**Required work:**
Give the lines below again exactly, starting with the line that holds "doc.styles.add('textstyle1073', font='')" and going on through the line that holds "doc.styles.add('textstyle908', font='')".

**Data entries:**
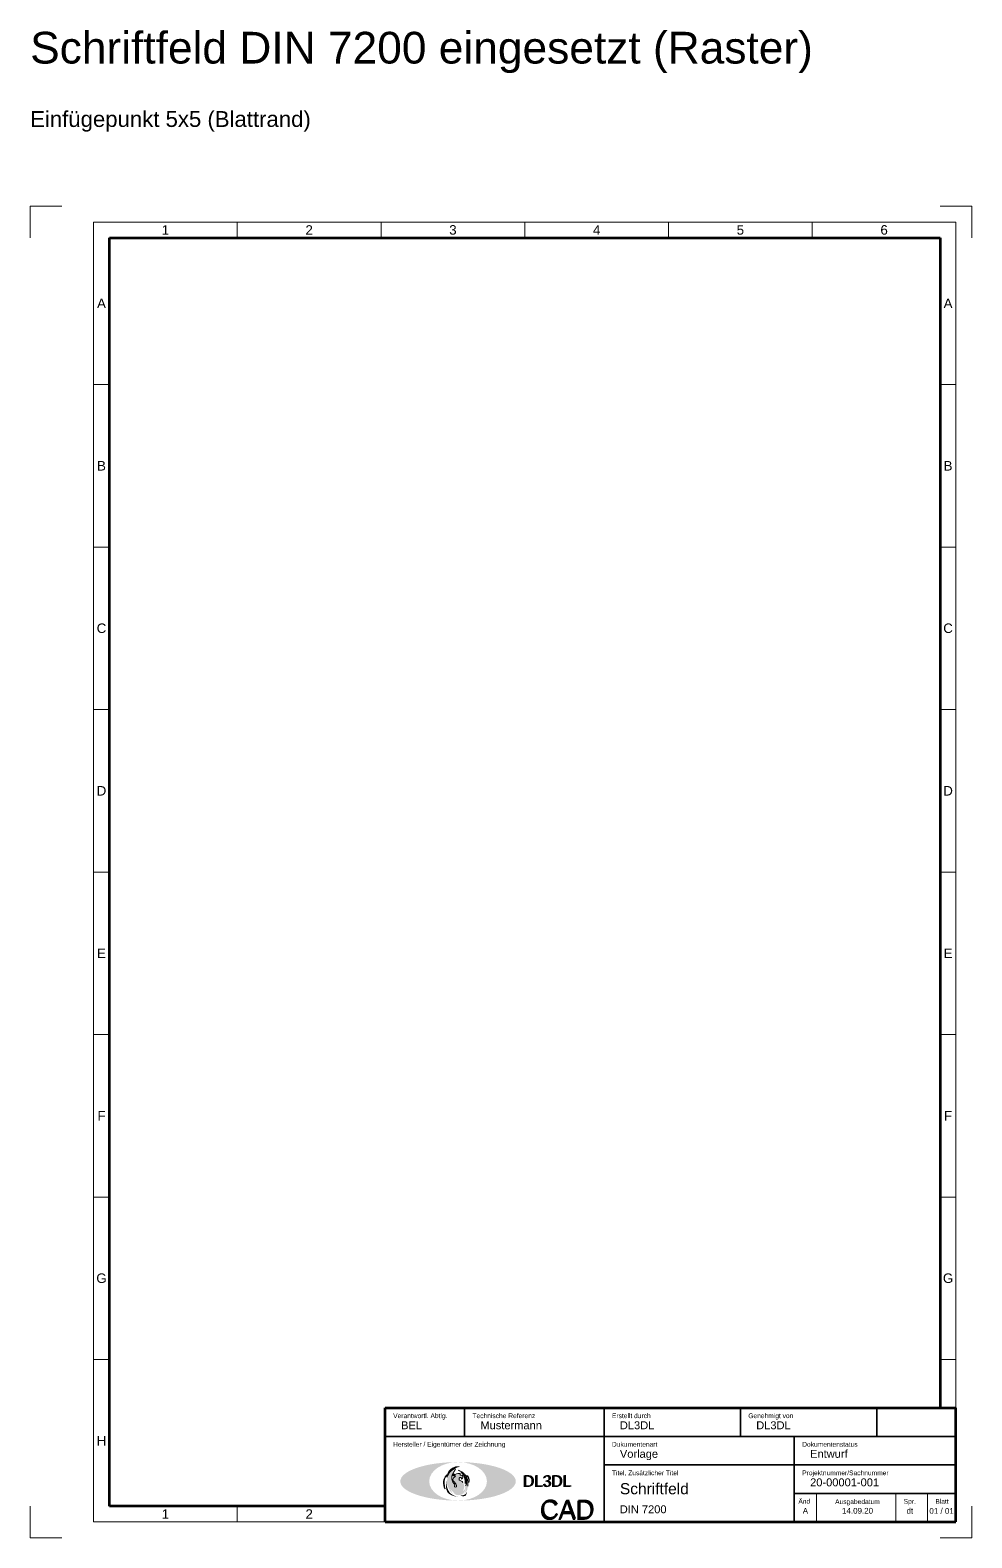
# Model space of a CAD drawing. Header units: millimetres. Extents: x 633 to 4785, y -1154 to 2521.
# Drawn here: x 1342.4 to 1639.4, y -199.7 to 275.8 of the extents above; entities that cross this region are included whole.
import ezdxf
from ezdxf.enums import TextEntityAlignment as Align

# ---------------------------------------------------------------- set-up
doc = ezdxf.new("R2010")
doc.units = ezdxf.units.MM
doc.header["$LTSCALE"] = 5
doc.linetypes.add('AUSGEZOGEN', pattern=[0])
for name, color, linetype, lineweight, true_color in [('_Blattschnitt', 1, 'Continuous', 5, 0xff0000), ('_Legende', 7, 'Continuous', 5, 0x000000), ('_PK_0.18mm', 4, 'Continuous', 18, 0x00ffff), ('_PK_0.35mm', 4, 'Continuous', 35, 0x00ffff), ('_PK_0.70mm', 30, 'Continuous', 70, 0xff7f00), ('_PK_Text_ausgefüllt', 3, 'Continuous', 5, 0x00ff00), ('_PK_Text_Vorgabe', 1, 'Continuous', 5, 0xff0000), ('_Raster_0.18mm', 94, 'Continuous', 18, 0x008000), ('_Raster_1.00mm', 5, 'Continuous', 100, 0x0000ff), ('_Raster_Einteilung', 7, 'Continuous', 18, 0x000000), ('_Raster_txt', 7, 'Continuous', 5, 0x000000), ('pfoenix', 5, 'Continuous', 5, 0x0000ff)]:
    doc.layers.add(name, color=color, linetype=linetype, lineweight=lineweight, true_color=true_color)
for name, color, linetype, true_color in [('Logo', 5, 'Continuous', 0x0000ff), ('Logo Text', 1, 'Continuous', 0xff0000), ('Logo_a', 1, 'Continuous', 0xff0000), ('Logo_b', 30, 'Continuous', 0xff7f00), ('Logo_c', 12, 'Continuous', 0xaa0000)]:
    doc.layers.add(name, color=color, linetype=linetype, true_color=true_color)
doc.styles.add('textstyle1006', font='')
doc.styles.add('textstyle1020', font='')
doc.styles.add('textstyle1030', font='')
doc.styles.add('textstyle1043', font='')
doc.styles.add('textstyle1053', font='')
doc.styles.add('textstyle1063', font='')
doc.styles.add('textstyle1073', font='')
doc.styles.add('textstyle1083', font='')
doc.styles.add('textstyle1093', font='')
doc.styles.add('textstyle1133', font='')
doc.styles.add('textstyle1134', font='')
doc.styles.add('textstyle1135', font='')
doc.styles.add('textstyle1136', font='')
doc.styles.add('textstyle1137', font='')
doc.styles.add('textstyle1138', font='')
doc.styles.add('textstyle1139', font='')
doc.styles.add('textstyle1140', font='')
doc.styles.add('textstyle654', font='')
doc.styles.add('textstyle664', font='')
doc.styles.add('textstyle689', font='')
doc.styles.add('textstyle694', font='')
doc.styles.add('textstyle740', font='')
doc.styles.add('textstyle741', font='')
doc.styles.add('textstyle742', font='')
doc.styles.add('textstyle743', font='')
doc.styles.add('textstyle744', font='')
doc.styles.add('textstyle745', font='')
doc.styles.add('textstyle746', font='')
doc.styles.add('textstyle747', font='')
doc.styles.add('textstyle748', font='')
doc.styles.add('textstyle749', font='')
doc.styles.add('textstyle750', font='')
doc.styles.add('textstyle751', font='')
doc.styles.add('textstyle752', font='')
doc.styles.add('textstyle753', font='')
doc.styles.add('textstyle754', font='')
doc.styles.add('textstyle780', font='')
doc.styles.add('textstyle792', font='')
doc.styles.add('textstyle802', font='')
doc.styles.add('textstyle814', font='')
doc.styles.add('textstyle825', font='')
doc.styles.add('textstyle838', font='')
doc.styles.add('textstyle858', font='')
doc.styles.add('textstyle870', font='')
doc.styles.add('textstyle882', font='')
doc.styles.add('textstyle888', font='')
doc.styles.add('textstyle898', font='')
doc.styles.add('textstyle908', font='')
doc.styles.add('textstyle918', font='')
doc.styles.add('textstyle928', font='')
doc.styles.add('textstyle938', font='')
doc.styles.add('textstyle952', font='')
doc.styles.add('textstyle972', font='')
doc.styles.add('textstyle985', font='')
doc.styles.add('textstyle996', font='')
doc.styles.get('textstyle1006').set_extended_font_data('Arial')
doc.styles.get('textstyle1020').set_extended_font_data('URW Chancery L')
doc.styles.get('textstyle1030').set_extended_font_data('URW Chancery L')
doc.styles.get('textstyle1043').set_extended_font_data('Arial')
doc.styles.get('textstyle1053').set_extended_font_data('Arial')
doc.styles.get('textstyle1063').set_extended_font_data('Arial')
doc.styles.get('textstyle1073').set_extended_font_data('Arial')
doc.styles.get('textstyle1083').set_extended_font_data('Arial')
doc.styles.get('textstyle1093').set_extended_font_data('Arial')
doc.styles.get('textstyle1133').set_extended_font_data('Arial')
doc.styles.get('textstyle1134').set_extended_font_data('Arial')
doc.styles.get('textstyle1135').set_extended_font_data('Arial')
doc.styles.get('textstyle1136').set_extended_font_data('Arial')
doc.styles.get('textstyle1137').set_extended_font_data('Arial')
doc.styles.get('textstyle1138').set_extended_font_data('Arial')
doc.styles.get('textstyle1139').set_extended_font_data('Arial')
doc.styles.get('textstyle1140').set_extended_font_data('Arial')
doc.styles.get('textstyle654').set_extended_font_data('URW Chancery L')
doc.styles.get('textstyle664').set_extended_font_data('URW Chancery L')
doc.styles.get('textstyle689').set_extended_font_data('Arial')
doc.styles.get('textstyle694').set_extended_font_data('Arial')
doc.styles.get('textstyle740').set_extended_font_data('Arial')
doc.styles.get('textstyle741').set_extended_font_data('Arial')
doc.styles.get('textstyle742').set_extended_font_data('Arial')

**Final answer:**
doc.styles.add('textstyle1073', font='')
doc.styles.add('textstyle1083', font='')
doc.styles.add('textstyle1093', font='')
doc.styles.add('textstyle1133', font='')
doc.styles.add('textstyle1134', font='')
doc.styles.add('textstyle1135', font='')
doc.styles.add('textstyle1136', font='')
doc.styles.add('textstyle1137', font='')
doc.styles.add('textstyle1138', font='')
doc.styles.add('textstyle1139', font='')
doc.styles.add('textstyle1140', font='')
doc.styles.add('textstyle654', font='')
doc.styles.add('textstyle664', font='')
doc.styles.add('textstyle689', font='')
doc.styles.add('textstyle694', font='')
doc.styles.add('textstyle740', font='')
doc.styles.add('textstyle741', font='')
doc.styles.add('textstyle742', font='')
doc.styles.add('textstyle743', font='')
doc.styles.add('textstyle744', font='')
doc.styles.add('textstyle745', font='')
doc.styles.add('textstyle746', font='')
doc.styles.add('textstyle747', font='')
doc.styles.add('textstyle748', font='')
doc.styles.add('textstyle749', font='')
doc.styles.add('textstyle750', font='')
doc.styles.add('textstyle751', font='')
doc.styles.add('textstyle752', font='')
doc.styles.add('textstyle753', font='')
doc.styles.add('textstyle754', font='')
doc.styles.add('textstyle780', font='')
doc.styles.add('textstyle792', font='')
doc.styles.add('textstyle802', font='')
doc.styles.add('textstyle814', font='')
doc.styles.add('textstyle825', font='')
doc.styles.add('textstyle838', font='')
doc.styles.add('textstyle858', font='')
doc.styles.add('textstyle870', font='')
doc.styles.add('textstyle882', font='')
doc.styles.add('textstyle888', font='')
doc.styles.add('textstyle898', font='')
doc.styles.add('textstyle908', font='')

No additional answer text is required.